We believe that we shouldn’t be transporting this at all and that’s because in the bigger picture it’s terrible for climate. Natural gas is coming up with the oil in the Bakken shale, and they’re burning it off — the massive flaring in the Bakken shale right now, which can be seen from outer space it’s so massive — they’re burning off one-third of all the natural gas that comes up. So that in and of itself should be enough in a rational society to stop fracking the Bakken shale, because that’s a crime against climate and we’ve seen how devastating climate impacts are.

That said, yes, there are safer tank cars but the industry has refused to take the old, unsafe — they’re called the DOT-111 tank cars — which have already been controversial for 20 years. They’re thin-skinned, they’re rigid, it’s easy for them to explode and they are exploding, and the railroad industry has refused to take those cars out of service. So that is morally indefensible right there.

I know that you and some of your colleagues have argued that the best thing to do would be to convert to cleaner energy sources. Critics might argue that America has become more energy-independent in recent years and that we mitigate, maybe, some other risks by producing oil domestically and in Canada rather than having it brought in overseas via ship. What options could we choose to make, say, within a year, that would make the biggest difference?

Well the biggest, most important solution is actually conservation and energy efficiency, and after that it’s renewables. So wind, for example, wind energy is becoming comparable and in some cases is more affordable than natural gas, for example. So we have renewables becoming competitive with fossil fuels and we need policy, such as we recently saw in Minnesota. In Minnesota, a judge ordered the public utility to convert to renewable energy instead of using natural gas for ecological reasons. So we need policies that actually support that conversion to renewables, but the renewables alone are not enough, unless we are really concentrating on energy efficiency and conservation.

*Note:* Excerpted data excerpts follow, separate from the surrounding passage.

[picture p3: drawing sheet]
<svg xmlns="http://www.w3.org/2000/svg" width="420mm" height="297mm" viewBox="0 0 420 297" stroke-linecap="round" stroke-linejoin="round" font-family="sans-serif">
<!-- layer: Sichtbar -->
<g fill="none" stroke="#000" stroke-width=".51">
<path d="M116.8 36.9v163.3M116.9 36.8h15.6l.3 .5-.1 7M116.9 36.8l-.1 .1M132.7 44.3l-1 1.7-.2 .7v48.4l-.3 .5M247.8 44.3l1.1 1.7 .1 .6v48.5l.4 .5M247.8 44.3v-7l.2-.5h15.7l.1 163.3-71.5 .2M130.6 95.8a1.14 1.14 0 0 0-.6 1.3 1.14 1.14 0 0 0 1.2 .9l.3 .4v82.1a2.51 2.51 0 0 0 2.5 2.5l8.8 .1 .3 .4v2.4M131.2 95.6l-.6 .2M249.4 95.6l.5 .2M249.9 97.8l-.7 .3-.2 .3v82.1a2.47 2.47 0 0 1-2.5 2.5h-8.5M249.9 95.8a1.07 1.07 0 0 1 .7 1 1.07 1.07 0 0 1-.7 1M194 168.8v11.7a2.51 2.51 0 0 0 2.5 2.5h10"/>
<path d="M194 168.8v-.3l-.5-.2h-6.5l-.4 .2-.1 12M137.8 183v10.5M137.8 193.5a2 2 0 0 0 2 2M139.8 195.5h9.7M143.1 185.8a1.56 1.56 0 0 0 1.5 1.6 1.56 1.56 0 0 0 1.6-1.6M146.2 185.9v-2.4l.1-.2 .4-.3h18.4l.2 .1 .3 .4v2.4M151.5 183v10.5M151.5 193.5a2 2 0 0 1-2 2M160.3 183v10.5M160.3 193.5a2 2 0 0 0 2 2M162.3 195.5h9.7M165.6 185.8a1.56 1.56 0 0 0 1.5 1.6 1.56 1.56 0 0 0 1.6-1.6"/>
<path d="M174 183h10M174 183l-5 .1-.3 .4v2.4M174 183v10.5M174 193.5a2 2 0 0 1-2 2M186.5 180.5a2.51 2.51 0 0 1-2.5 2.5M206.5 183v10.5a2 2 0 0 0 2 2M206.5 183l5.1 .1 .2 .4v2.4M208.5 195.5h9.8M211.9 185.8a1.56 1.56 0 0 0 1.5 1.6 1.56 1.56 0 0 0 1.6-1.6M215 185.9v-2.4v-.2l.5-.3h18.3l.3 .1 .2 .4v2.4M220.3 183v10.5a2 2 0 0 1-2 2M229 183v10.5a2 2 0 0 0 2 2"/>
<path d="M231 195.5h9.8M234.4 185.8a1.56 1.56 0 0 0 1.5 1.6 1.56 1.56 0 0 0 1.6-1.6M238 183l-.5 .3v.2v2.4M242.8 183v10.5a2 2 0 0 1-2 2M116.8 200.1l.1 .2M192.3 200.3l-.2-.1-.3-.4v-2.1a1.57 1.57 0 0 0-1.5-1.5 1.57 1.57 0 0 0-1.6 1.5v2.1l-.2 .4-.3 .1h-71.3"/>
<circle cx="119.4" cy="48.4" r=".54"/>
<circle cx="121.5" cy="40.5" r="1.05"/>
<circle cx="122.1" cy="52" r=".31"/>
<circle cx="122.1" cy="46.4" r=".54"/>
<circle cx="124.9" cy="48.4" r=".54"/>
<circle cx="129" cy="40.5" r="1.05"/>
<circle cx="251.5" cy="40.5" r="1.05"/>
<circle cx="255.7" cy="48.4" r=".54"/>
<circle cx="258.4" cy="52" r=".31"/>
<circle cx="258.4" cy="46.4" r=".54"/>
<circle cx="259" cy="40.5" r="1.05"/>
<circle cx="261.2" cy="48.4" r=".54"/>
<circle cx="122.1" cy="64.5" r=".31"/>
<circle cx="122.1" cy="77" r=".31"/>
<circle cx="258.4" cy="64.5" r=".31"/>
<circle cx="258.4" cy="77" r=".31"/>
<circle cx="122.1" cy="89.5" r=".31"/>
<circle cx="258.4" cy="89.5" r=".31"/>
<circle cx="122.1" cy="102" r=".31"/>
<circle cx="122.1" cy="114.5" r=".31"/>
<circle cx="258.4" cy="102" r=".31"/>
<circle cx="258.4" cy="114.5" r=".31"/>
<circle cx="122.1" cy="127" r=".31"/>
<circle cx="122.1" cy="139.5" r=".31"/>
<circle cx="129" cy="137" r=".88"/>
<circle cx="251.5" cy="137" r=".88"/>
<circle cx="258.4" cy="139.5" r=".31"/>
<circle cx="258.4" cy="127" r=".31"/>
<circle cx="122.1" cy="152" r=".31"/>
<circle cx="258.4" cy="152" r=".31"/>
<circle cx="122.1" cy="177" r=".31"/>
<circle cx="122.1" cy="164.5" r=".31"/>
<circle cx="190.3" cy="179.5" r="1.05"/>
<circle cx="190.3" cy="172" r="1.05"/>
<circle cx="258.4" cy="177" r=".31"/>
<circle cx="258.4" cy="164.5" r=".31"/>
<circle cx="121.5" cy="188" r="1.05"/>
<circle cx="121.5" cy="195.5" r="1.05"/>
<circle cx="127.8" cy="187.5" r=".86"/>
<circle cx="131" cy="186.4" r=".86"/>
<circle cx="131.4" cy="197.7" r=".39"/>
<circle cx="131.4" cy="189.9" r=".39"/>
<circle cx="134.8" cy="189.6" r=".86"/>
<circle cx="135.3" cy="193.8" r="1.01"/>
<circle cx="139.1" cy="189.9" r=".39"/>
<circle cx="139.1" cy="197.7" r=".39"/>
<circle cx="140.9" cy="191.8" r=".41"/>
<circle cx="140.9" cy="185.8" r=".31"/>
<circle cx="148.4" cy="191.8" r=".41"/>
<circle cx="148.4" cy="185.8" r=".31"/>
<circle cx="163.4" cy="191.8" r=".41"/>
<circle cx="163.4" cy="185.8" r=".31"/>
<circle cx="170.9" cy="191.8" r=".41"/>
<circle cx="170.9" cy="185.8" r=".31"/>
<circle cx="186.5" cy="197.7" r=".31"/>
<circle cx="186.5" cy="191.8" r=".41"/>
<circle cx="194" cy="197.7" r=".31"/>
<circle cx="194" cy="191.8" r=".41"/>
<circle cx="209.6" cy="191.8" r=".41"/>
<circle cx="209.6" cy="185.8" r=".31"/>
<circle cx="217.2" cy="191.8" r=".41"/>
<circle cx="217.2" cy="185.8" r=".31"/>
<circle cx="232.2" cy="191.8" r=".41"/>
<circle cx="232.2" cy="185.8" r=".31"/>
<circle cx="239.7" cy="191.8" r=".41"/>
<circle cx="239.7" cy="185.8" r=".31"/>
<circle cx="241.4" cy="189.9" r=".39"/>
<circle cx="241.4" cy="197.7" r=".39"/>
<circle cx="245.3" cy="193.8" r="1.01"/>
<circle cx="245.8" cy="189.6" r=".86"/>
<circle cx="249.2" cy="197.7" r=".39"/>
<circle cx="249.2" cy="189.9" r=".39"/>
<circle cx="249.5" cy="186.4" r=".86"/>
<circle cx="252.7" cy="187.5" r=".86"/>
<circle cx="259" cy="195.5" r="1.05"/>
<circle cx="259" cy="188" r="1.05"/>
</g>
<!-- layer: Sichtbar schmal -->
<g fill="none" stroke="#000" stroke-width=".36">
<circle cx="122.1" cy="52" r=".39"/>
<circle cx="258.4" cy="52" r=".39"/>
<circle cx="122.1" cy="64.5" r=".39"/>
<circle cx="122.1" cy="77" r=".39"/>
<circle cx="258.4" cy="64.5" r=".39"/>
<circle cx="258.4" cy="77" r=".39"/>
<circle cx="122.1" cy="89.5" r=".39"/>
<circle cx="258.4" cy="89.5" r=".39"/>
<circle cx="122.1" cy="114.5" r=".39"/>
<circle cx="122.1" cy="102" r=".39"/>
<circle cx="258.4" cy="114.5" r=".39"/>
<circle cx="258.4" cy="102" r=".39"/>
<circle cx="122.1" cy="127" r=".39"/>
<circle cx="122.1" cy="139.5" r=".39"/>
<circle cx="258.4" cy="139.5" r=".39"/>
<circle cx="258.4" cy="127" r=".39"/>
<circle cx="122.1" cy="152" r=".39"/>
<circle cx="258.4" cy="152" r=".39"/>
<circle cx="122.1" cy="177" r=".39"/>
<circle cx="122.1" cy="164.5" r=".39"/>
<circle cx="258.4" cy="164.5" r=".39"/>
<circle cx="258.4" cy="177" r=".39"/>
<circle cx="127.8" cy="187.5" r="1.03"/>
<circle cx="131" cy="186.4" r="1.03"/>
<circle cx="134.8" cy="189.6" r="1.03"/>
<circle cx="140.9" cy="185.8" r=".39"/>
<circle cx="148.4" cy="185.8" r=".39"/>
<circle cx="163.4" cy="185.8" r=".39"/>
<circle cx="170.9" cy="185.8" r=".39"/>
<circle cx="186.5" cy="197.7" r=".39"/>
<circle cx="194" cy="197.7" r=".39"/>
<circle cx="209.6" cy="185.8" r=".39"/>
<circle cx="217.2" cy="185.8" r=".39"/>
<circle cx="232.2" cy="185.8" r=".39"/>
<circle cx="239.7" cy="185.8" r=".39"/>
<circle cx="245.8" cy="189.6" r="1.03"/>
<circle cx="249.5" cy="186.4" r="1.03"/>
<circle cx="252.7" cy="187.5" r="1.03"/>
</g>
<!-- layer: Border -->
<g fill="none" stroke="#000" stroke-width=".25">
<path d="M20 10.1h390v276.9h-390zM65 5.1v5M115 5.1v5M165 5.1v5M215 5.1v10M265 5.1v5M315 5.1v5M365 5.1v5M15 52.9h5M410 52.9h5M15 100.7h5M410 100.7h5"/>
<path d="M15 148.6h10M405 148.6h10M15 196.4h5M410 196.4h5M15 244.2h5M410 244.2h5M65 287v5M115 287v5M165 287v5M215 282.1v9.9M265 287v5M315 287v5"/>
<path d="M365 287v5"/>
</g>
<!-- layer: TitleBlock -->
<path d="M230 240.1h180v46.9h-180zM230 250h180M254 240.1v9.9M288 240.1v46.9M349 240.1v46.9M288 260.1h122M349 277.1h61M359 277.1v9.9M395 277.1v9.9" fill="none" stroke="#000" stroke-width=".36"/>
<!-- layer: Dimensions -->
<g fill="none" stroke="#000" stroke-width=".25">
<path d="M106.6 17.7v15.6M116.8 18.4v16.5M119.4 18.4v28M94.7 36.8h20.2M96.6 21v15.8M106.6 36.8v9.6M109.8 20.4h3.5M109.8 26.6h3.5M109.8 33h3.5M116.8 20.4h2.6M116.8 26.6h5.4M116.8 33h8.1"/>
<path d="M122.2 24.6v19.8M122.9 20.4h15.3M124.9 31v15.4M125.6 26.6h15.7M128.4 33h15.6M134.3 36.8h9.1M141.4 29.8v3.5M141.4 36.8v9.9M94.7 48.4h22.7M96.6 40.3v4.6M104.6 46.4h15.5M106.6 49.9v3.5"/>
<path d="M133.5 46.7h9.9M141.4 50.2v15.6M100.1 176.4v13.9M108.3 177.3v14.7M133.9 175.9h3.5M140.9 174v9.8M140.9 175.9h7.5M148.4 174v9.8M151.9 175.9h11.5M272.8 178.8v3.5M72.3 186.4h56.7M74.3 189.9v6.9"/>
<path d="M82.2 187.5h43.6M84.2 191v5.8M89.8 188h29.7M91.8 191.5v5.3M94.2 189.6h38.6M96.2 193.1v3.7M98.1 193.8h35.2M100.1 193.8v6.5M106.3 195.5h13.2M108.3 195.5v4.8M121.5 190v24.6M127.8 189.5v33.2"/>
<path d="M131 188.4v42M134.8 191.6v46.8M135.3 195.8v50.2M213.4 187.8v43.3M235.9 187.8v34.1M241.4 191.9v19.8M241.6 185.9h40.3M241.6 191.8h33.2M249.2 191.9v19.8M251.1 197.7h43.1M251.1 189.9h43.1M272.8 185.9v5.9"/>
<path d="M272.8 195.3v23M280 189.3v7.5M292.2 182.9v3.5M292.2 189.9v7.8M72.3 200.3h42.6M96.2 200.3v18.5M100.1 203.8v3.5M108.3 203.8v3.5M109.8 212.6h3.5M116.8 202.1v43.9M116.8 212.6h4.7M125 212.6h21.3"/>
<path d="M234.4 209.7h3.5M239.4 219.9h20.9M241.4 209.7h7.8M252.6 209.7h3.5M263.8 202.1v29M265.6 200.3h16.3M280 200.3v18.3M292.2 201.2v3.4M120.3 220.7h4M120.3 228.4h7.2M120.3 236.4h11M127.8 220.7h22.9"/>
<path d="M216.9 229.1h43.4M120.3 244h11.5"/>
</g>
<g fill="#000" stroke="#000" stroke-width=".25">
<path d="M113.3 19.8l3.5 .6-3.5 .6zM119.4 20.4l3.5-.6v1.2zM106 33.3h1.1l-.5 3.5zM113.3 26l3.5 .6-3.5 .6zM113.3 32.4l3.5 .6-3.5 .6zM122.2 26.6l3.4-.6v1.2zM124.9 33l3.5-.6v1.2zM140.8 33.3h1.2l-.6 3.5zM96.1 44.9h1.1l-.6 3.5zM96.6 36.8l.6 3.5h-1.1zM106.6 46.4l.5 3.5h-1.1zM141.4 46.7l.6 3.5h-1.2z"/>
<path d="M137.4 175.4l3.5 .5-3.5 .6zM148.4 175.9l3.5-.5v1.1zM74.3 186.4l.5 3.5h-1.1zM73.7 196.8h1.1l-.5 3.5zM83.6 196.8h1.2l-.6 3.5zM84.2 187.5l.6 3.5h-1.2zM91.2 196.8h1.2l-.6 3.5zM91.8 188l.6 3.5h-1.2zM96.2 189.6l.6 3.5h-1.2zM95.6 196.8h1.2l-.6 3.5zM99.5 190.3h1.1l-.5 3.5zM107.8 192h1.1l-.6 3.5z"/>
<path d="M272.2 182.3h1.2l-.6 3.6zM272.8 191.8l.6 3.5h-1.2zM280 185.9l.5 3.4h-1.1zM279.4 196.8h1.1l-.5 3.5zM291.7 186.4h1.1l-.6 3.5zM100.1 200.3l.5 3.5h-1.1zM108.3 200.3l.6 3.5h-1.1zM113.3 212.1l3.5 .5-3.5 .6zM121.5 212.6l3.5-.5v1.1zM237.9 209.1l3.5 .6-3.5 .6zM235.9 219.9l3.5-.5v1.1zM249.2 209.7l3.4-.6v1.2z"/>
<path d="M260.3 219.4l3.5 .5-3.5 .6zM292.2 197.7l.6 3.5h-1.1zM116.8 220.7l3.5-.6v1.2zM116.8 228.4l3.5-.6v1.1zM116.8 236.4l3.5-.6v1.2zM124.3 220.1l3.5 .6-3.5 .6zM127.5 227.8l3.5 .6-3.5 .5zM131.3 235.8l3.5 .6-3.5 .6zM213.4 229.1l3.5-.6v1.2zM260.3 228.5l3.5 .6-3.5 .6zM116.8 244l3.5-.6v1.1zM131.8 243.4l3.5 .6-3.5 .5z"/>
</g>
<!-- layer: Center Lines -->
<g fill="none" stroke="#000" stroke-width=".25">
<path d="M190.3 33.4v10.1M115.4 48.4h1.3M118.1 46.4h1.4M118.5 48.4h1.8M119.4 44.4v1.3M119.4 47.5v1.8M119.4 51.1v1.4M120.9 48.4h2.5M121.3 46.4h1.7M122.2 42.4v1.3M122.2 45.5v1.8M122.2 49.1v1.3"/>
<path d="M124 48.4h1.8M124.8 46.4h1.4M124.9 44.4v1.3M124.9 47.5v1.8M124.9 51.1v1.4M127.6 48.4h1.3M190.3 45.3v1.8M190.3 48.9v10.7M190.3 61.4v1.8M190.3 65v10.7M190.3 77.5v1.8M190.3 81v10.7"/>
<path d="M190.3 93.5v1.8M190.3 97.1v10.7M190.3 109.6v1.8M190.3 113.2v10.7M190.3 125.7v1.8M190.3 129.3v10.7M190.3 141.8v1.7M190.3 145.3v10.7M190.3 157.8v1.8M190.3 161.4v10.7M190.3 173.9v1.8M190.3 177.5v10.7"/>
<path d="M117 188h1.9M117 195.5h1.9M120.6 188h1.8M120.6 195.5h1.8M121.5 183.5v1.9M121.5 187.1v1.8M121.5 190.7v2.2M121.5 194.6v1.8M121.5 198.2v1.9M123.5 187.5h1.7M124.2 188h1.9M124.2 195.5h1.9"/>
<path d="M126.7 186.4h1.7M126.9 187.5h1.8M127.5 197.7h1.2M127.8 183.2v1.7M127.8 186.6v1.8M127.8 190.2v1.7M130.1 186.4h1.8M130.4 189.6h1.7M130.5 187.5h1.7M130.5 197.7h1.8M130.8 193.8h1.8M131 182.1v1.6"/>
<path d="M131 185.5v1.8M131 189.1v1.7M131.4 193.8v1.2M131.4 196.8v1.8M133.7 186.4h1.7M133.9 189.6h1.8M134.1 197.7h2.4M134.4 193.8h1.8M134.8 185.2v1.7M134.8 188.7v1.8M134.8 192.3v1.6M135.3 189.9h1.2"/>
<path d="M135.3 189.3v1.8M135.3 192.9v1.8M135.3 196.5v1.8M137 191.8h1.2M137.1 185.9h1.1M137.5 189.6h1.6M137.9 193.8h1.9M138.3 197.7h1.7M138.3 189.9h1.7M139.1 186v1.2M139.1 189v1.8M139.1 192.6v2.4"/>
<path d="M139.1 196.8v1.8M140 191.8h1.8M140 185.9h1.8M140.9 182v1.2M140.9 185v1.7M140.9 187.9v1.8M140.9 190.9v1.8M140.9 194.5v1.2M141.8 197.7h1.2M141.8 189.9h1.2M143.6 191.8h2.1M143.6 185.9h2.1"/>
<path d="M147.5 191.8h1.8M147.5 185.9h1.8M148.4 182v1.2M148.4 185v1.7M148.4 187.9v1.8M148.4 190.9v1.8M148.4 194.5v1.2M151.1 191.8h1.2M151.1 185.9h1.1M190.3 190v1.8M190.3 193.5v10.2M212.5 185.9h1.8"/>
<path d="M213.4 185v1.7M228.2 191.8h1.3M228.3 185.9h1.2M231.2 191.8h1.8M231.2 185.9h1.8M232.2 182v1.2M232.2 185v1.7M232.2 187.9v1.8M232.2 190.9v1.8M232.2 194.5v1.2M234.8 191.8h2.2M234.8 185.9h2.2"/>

How worried should Philadelphians be about those train tracks going over the Schuylkill?

Not just the trains tracks over the Schuylkill, the entire route is dangerous. So there are elevated tracks over Drexel University near 30th Street Station. There’s a curve by Bartram’s Garden in West Philly. There are tracks down by the river by the Schuylkill Expressway near City Line Avenue, where Ridge and Lincoln Drive come off of City Line Avenue and the Schuylkill Expressway. So all these places are dangerous because this is an extremely dangerous fuel and completely unsafe tank cars on 100-year-old tracks.

So “scared shitless” is really the appropriate response, and people should be calling Mayor Nutter and their City Council members and all their elected officials and demanding that these trains stop.